--- Work instruction ---
Using the listing that follows, report how many lines include the word "thetam", and add no other words.

--- Exercise materials ---
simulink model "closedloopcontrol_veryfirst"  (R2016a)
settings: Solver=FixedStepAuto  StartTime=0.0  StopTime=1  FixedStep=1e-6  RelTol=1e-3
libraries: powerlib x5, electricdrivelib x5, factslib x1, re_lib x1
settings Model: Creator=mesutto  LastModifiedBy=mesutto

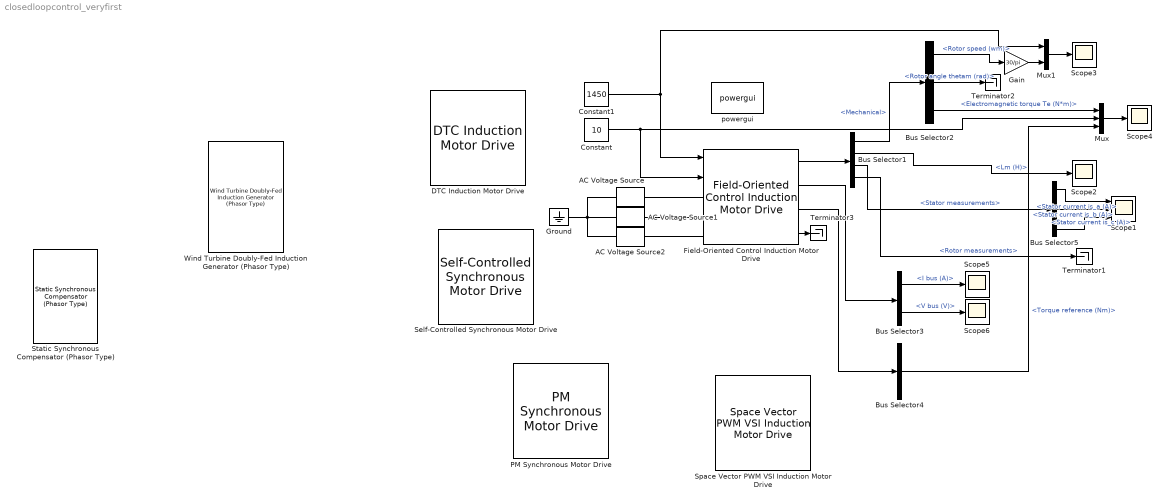
== system closedloopcontrol_veryfirst ==
  AC Voltage Source : powerlib/Electrical Sources/AC Voltage Source  Amplitude=230*sqrt(2)  Phase=0  Frequency=50  SampleTime=0  Measurements=None  BusType=swing  Pref=10e3  Qref=0  Qmin=-inf  Qmax=+inf
  AC Voltage Source1 : powerlib/Electrical Sources/AC Voltage Source  Amplitude=230*sqrt(2)  Phase=-120  Frequency=50  SampleTime=0  Measurements=None  BusType=swing  Pref=10e3  Qref=0  Qmin=-inf  Qmax=+inf
  AC Voltage Source2 : powerlib/Electrical Sources/AC Voltage Source  Amplitude=230*sqrt(2)  Phase=120  Frequency=50  SampleTime=0  Measurements=None  BusType=swing  Pref=10e3  Qref=0  Qmin=-inf  Qmax=+inf
  Bus Selector1 : BusSelector  OutputSignals=Mechanical,Lm (H),Stator measurements,Rotor measurements
  Bus Selector2 : BusSelector  OutputSignals=Rotor speed (wm),Rotor angle thetam (rad),Electromagnetic torque Te (N*m)
  Bus Selector3 : BusSelector  OutputSignals=I bus (A),V bus (V)
  Bus Selector4 : BusSelector  OutputSignals=Torque reference (Nm)
  Bus Selector5 : BusSelector  OutputSignals=Stator current is_a (A),Stator current is_b (A),Stator current is_c (A)
  Constant : Constant  Value=10
  Constant1 : Constant  Value=1450
  DTC Induction Motor Drive : electricdrivelib/AC drives/DTC Induction Motor Drive  showMaskWarnings=on  AverageValue=off  MechanicalLoad=Torque Tm  driveType=AC4  outputBusMode=Multiple output buses  baseSampleTime=0
  Field-Oriented Control Induction Motor Drive : electricdrivelib/AC drives/Field-Oriented Control Induction Motor Drive  showMaskWarnings=on  AverageValue=off  MechanicalLoad=Torque Tm  driveType=AC3  outputBusMode=Multiple output buses  baseSampleTime=1e-06
  Gain : Gain  Gain=30/pi
  Ground : powerlib/Elements/Ground  LConnTagsString=a
  Mux : Mux  Inputs=3
  Mux1 : Mux  Inputs=2
  PM Synchronous Motor Drive : electricdrivelib/AC drives/PM Synchronous Motor Drive  showMaskWarnings=on  AverageValue=off  MechanicalLoad=Torque Tm  driveType=AC6  outputBusMode=Multiple output buses  baseSampleTime=0
  Scope1 : Scope  NumInputPorts=3
  Scope{2..6} (5 alike) : Scope
  Self-Controlled Synchronous Motor Drive : electricdrivelib/AC drives/Self-Controlled Synchronous Motor Drive  showMaskWarnings=off  AverageValue=off  MechanicalLoad=Torque Tm  driveType=AC5  outputBusMode=Multiple output buses  baseSampleTime=0
  Space Vector PWM VSI Induction Motor Drive : electricdrivelib/AC drives/Space Vector PWM VSI Induction Motor Drive  showMaskWarnings=on  AverageValue=off  MechanicalLoad=Torque Tm  driveType=AC2  outputBusMode=Multiple output buses  baseSampleTime=0
  Static Synchronous Compensator (Phasor Type) : factslib/Power-Electronics Based FACTS/Static Synchronous Compensator (Phasor Type)  SystemNominal=[ 500e3, 60 ]  Pnom_SH=100e6  RL_SH=[ 0.22/30, 0.22 ]  Iinit_SH=[0, 0 ]  VnomDC=40000  C_DC=750e-6/2  OpMode_SH=Voltage regulation  Vref_SH=1.00  ExternalVref=off  MaxRateChangeVref_SH=10  Droop_SH=0.03  Par_VacReg=[5, 1000]  Qref_SH=0  MaxRateChangeQref_SH=2  Par_VdcReg=[0.1e-3, 20e-3]  Par_IReg_SH=[0.3, 10, 0.22]
  Terminator1 : Terminator
  Terminator2 : Terminator
  Terminator3 : Terminator
  Wind Turbine Doubly-Fed Induction Generator (Phasor Type) : re_lib/Wind Generation/Wind Turbine Doubly-Fed Induction Generator (Phasor Type)  ExternalTm=off  nom=[1.5e6/0.9 575 60]  sta=[ 0.00706 0.171]  rot=[ 0.005 0.156]  Lm=2.9  mec=[5.04 0.01 3]  init=[0.2 0 0 0 0 0]  speed_power=[0 0; 0.24 0.007; 0.36 0.024; 0.6 0.112; 0.96 0.46; 1.2 0.898; 1.5 0.898]  Pmec=1.5e6  speed_ABCD=[0.7 0.71 1.2 1.21]  power_C=0.73  wind_point_C=12  pitch_gain=500  pitch_max=45  pitch_rate=2  Pmax=0.5  Lchoke=[0.15 0.15/100]  init_inductor=[0 90]  Vdc_nom=1200  capacitor=10000e-6  ControlVQ=Voltage regulation  Vref=1.0  ExternalVref=off  Qref=0  ExternalQref=on  Iq_ref=0  ExternalIqref=off  Kpi_volt_reg=[1.25 300]  Xs=0.02  Kpi_Q=[0.05 5]  Kpi_power_reg=[1 100]  Kpi_dc_reg=[0.002 0.05]  Kpi_grid_side_cur_reg=[1 100]  Kpi_rotor_side_cur_reg=[0.3 8]  V_slew_rate=100  Q_slew_rate=100  power_slew_rate=1  current_slew_rate=200
  powergui : powerlib/powergui  Priority=1  SimulationMode=Discrete  SolverType=Tustin/Backward Euler (TBE)  SampleTime=1e-6  frequency=60  SPID=off  DisableSnubberDevices=off  DisableRonSwitches=off  DisableVfSwitches=off  SwTol=0  DisplayEquations=off  Interpol=off  ExternalGateDelay=off  methode=off  Ts=10  FunctionMessages=off  echomessages=off  HookPort=off  EnableUseOfTLC=off  x0status=blocks  frequencyindice=50  Pbase=100e6  ErrMax=1e-4  Iterations=50  UnitsV=kV  UnitsW=MW  buscounter=0  RestoreLinks=warning  ResistiveCurrentMeasurement=off  Frange=[0:2:500]  Ylog=off  Xlog=on  ShowGrid=off  save=off  variable=ZData  structure=0  ZoomFFT=off  StartTime=0.0  cycles=1  DisplayStyle=1  fundamental=60  FreqAxis=off  MaxFrequency=1000  frequencyindicesteady=1  RmsSteady=1  display=off
  wires:
  Field-Oriented Control Induction Motor Drive/1 -> Bus Selector1/1
  Bus Selector1/1 -> Bus Selector2/1  "<Mechanical>"
  Bus Selector2/2 -> Terminator2/1  "<Rotor angle thetam (rad)>"
  Bus Selector1/2 -> Scope2/1  "<Lm (H)>"
  Bus Selector1/3 -> Bus Selector5/1  "<Stator measurements>"
  Bus Selector1/4 -> Terminator1/1  "<Rotor measurements>"
  Constant/1 -> Mux/2, Field-Oriented Control Induction Motor Drive/2
  Constant1/1 -> Field-Oriented Control Induction Motor Drive/1, Mux1/1
  Mux/1 -> Scope4/1
  Bus Selector2/3 -> Mux/1  "<Electromagnetic torque Te (N*m)>"
  Field-Oriented Control Induction Motor Drive/2 -> Bus Selector3/1
  Bus Selector3/1 -> Scope5/1  "<I bus (A)>"
  Bus Selector3/2 -> Scope6/1  "<V bus (V)>"
  Field-Oriented Control Induction Motor Drive/3 -> Bus Selector4/1
  Field-Oriented Control Induction Motor Drive/4 -> Terminator3/1
  Bus Selector4/1 -> Mux/3  "<Torque reference (Nm)>"
  Mux1/1 -> Scope3/1
  Bus Selector2/1 -> Gain/1  "<Rotor speed (wm)>"
  Gain/1 -> Mux1/2
  Bus Selector5/1 -> Scope1/1  "<Stator current is_a (A)>"
  Bus Selector5/2 -> Scope1/2  "<Stator current is_b (A)>"
  Bus Selector5/3 -> Scope1/3  "<Stator current is_c (A)>"
  connections:
  AC Voltage Source/RConn1 -- Field-Oriented Control Induction Motor Drive/LConn1
  Field-Oriented Control Induction Motor Drive/LConn2 -- AC Voltage Source1/RConn1
  AC Voltage Source2/RConn1 -- Field-Oriented Control Induction Motor Drive/LConn3
  Ground/LConn1 -- AC Voltage Source2/LConn1 -- AC Voltage Source/LConn1 -- AC Voltage Source1/LConn1

--- Task response ---
2